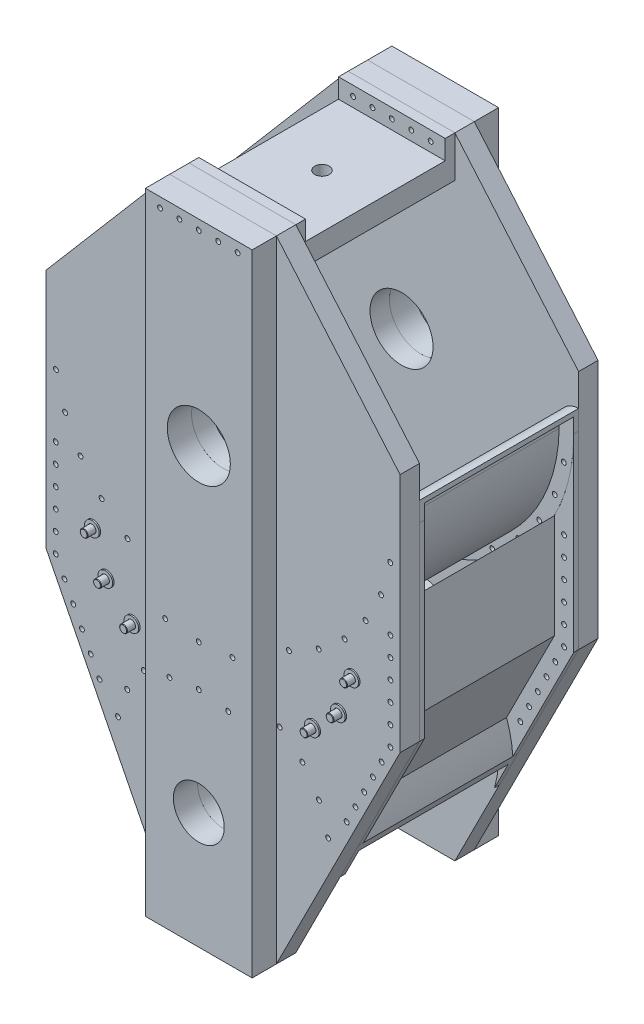
from build123d import *
from build123d.topology import SkipClean

# Parameters (mm, degrees)
PIASTRONEEXTR_DEPTH              = 40
LAMONE_DEPTH                     = 50
CARTEREXT1_START                 = 40
CARTEREXT1_DEPTH                 = 10
CARTEREXT2_START                 = 50
CARTEREXT2_DEPTH                 = 154
IRRIGIDCIRC1_START               = 40
IRRIGIDCIRC1_DEPTH               = 10
IRRIGIDCIRC2_START               = 50
IRRIGIDCIRC2_DEPTH               = 154
IRRIGIDESTERNO1_START            = 40
IRRIGIDESTERNO1_DEPTH            = 10
IRRIGIDESTERNO2_START            = 50
IRRIGIDESTERNO2_DEPTH            = 154
RINFORZOSUP1_START               = 40
SKETCH12_W                       = 110
SKETCH12_H                       = 85
RINFORZOSUP1_DEPTH               = 20
BOSS_EXTRUDE1_START              = 60
SKETCH12_4_W                     = 110
SKETCH12_4_H                     = 45
BOSS_EXTRUDE1_DEPTH              = 144
FOROCIRC3_START                  = -879.840067
SKETCH6_R                        = 5
FOROCIRC3_DEPTH                  = 1839.680133
LPATTERN11_COUNT                 = 6
LPATTERN11_PITCH                 = 40
LPATTERN21_COUNT                 = 6
LPATTERN21_PITCH                 = 40
FORIIRR_R                        = 9
FORICENTRALI_DEPTH               = 120
BUSSOLA_R                        = 18.5
BUSSOLA_R_2                      = 10.5
ROSETTA_DEPTH                    = 3
ROSETTA_2_DEPTH                  = 3
ROSETTA_3_DEPTH                  = 3
SKETCH16_R                       = 15
SKETCH16_R_2                     = 10.5
BUSSOLABODY_DEPTH                = 14
SKETCH17_R                       = 18.5
SKETCH17_R_2                     = 15.5
TUBO_DEPTH                       = 161
TUBO_2_DEPTH                     = 161
TUBO_3_DEPTH                     = 161
TIRANTE_DEPTH                    = 164
TIRANTE_DEPTH_BACK               = 60
SKETCH18_R                       = 8
TIRANTE_2_DEPTH                  = 164
TIRANTE_2_DEPTH_BACK             = 60
TIRANTE_3_DEPTH                  = 164
TIRANTE_3_DEPTH_BACK             = 60
CHAMFER1_SIZE                    = 1
CHAMFER2_SIZE                    = 1
CHAMFER3_SIZE                    = 1
SKETCH19_R                       = 15
SKETCH19_R_2                     = 8.5
ROSETTAM20_DEPTH                 = 3
ROSETTAM20_2_DEPTH               = 3
ROSETTAM20_3_DEPTH               = 3
SKETCH11_R                       = 5
FOROSUPERIORE_DEPTH              = 948.744578
LPATTERN23_COUNT                 = 3
LPATTERN23_PITCH                 = 40
LPATTERN23_COL_COUNT             = 3
LPATTERN23_COL_PITCH             = 40
FOROCIRC11_START                 = -948.744578
FORICIRC1_R                      = 5
FOROCIRC11_DEPTH                 = 1967.489157
CIRPATTERN24_COUNT               = 8
CIRPATTERN24_ANGLE               = 80
CIRPATTERN24_THE_OTHER_WAY_COUNT = 8
CIRPATTERN24_THE_OTHER_WAY_ANGLE = 80
FOROCIRC21_START                 = -948.744578
FOROCRIC2_R                      = 5
FOROCIRC21_DEPTH                 = 1977.489157
CIRPATTERN21_COUNT               = 6
CIRPATTERN21_ANGLE               = 80
CIRPATTERN21_THE_OTHER_WAY_COUNT = 6
CIRPATTERN21_THE_OTHER_WAY_ANGLE = 80
SKETCH20_R                       = 15
CUT_EXTRUDE1_DEPTH               = 1415.549517


with BuildPart() as part:
    # Piastrone → PiastroneExtr (new body)
    with BuildSketch(Plane.XY):
        with BuildLine():
            Line((-86.205427, 491.90505), (23.794573, 491.90505))
            Line((23.794573, 491.90505), (278.794573, 193.153386))
            Line((278.794573, 193.153386), (278.794573, -303.297279))
            Line((278.794573, -303.297279), (23.794573, -808.09495))
            Line((23.794573, -808.09495), (-86.205427, -808.09495))
            Line((-86.205427, -808.09495), (-86.205427, -620.59495))
            ThreePointArc((-86.205427, -620.59495), (-33.705427, -568.09495), (-86.205427, -515.59495))
            Line((-86.205427, -515.59495), (-86.205427, 21.90505))
            ThreePointArc((-86.205427, 21.90505), (-21.205427, 86.90505), (-86.205427, 151.90505))
            Line((-86.205427, 151.90505), (-86.205427, 491.90505))
        make_face()
    extrude(amount=PIASTRONEEXTR_DEPTH)


with BuildPart() as body_2:
    # Sketch14 → Lamone (new body)
    with BuildSketch(Plane(origin=(0, 0, 0), x_dir=(-1, 0, 0), z_dir=(0, 0, -1))):
        with BuildLine():
            Line((-23.794573, 491.90505), (86.205427, 491.90505))
            Line((86.205427, 491.90505), (86.205427, 151.90505))
            ThreePointArc((86.205427, 151.90505), (21.205427, 86.90505), (86.205427, 21.90505))
            Line((86.205427, 21.90505), (86.205427, -515.59495))
            ThreePointArc((86.205427, -515.59495), (33.705427, -568.09495), (86.205427, -620.59495))
            Line((86.205427, -620.59495), (86.205427, -808.09495))
            Line((86.205427, -808.09495), (-23.794573, -808.09495))
            Line((-23.794573, -808.09495), (-23.794573, 491.90505))
        make_face()
    extrude(amount=LAMONE_DEPTH)


with BuildPart() as body_3:
    # Carter → CarterExt1 (new body)
    with BuildSketch(Plane.XY.offset(CARTEREXT1_START)):
        with BuildLine():
            ThreePointArc((248.758008, 81.955617), (255.585083, 106.603062), (278.794573, 117.346667))
            Line((278.794573, 117.346667), (278.794573, 86.90505))
            ThreePointArc((278.794573, 86.90505), (171.888548, -171.188925), (-86.205427, -278.09495))
            Line((-86.205427, -278.09495), (-86.205427, -248.09495))
            ThreePointArc((-86.205427, -248.09495), (148.918944, -151.719195), (248.758008, 81.955617))
        make_face()
        with BuildLine():
            ThreePointArc((-86.205427, -248.09495), (148.918944, -151.719195), (248.758008, 81.955617))
            ThreePointArc((248.758008, 81.955617), (255.585083, 106.603062), (278.794573, 117.346667))
            Line((278.794573, 117.346667), (278.794573, 127.247816))
            ThreePointArc((278.794573, 127.247816), (248.567893, 113.623706), (238.756849, 81.953343))
            ThreePointArc((238.756849, 81.953343), (141.846864, -144.648729), (-86.205427, -238.09495))
            Line((-86.205427, -238.09495), (-86.205427, -248.09495))
        make_face()
    extrude(amount=CARTEREXT1_DEPTH)

    # Carter<4> → CarterExt2 (add)
    with BuildSketch(Plane.XY.offset(CARTEREXT2_START)):
        with BuildLine():
            ThreePointArc((-86.205427, -248.09495), (148.918944, -151.719195), (248.758008, 81.955617))
            ThreePointArc((248.758008, 81.955617), (255.585083, 106.603062), (278.794573, 117.346667))
            Line((278.794573, 117.346667), (278.794573, 127.247816))
            ThreePointArc((278.794573, 127.247816), (248.567893, 113.623706), (238.756849, 81.953343))
            ThreePointArc((238.756849, 81.953343), (141.846864, -144.648729), (-86.205427, -238.09495))
            Line((-86.205427, -238.09495), (-86.205427, -248.09495))
        make_face()
    extrude(amount=CARTEREXT2_DEPTH)


with BuildPart() as body_4:
    # IrrigidCirc → IrrigidCirc1 (new body)
    with BuildSketch(Plane.XY.offset(IRRIGIDCIRC1_START)):
        with BuildLine():
            ThreePointArc((-86.205427, -338.09495), (77.301662, -406.337627), (143.781261, -570.569457))
            Line((143.781261, -570.569457), (115.48454, -626.58561))
            ThreePointArc((115.48454, -626.58561), (81.697876, -441.966124), (-86.205427, -358.09495))
            Line((-86.205427, -358.09495), (-86.205427, -338.09495))
        make_face()
        with BuildLine():
            ThreePointArc((-86.205427, -328.09495), (77.651834, -392.735895), (153.243359, -551.8383))
            Line((153.243359, -551.8383), (143.781261, -570.569457))
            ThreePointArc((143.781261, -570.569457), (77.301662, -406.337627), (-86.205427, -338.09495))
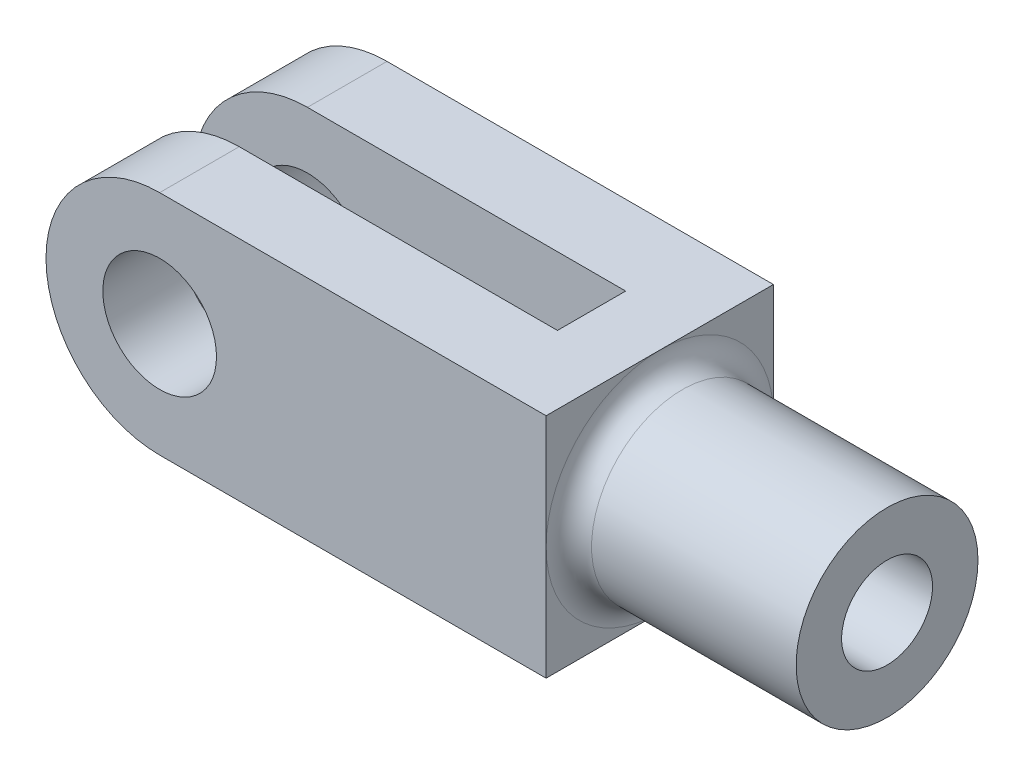
from build123d import *

# Parameters (mm, degrees)
SKETCH1_R               = 2.5
BOSS_EXTRUDE1_DEPTH     = 5
CUT_EXTRUDE1_DEPTH      = 19.41195264
CUT_EXTRUDE1_DEPTH_BACK = 19.41195264
SKETCH2_W               = 19
SKETCH2_H               = 3
SKETCH3_R               = 4
SKETCH3_R_2             = 2
BOSS_EXTRUDE2_DEPTH     = 10
FILLET1_R               = 1


with BuildPart() as part:
    # Sketch1 → Boss-Extrude1 (new, symmetric)
    with BuildSketch(Plane.XY):
        with BuildLine():
            ThreePointArc((0, -5), (-5, 0), (0, 5))
            Line((0, 5), (17, 5))
            Line((17, 5), (17, -5))
            Line((17, -5), (0, -5))
        make_face()
        Circle(SKETCH1_R, mode=Mode.SUBTRACT)
    extrude(amount=BOSS_EXTRUDE1_DEPTH, both=True)

    # Sketch2 → Cut-Extrude1 (cut, two sides: drawn at the far end of the back side and taken through both)
    with BuildSketch(Plane(origin=(0, 0, 0), x_dir=(1, 0, 0), z_dir=(0, 1, 0)).offset(-CUT_EXTRUDE1_DEPTH_BACK)):
        with Locations((4.5, 0)):
            Rectangle(SKETCH2_W, SKETCH2_H)
    extrude(amount=CUT_EXTRUDE1_DEPTH + CUT_EXTRUDE1_DEPTH_BACK, mode=Mode.SUBTRACT)

    # Sketch3 → Boss-Extrude2 (add)
    with BuildSketch(Plane(origin=(17, 0, 0), x_dir=(0, 0, -1), z_dir=(1, 0, 0))):
        Circle(SKETCH3_R)
        Circle(SKETCH3_R_2, mode=Mode.SUBTRACT)
    extrude(amount=BOSS_EXTRUDE2_DEPTH)

    # Fillet1
    fillet1_edges = [part.edges().sort_by_distance(p)[0] for p in [
        (17, 0, 4),
    ]]
    fillet(fillet1_edges, radius=FILLET1_R - 0.0001)  # a hair under: the kernel refuses the full size


solid = part.part
━━━━━━━━━━━━━━━━
_Work task_: Since only part of the listing is wanted, copy exactly the lines from the one holding "extrude(amount=PIASTRONEEXTR_DEPTH)" to the one holding "Line((86.205427, 491.90505), (86.205427, 151.90505))", both included.

_Response to the exercise_:
    extrude(amount=PIASTRONEEXTR_DEPTH)


with BuildPart() as body_2:
    # Sketch14 → Lamone (new body)
    with BuildSketch(Plane(origin=(0, 0, 0), x_dir=(-1, 0, 0), z_dir=(0, 0, -1))):
        with BuildLine():
            Line((-23.794573, 491.90505), (86.205427, 491.90505))
            Line((86.205427, 491.90505), (86.205427, 151.90505))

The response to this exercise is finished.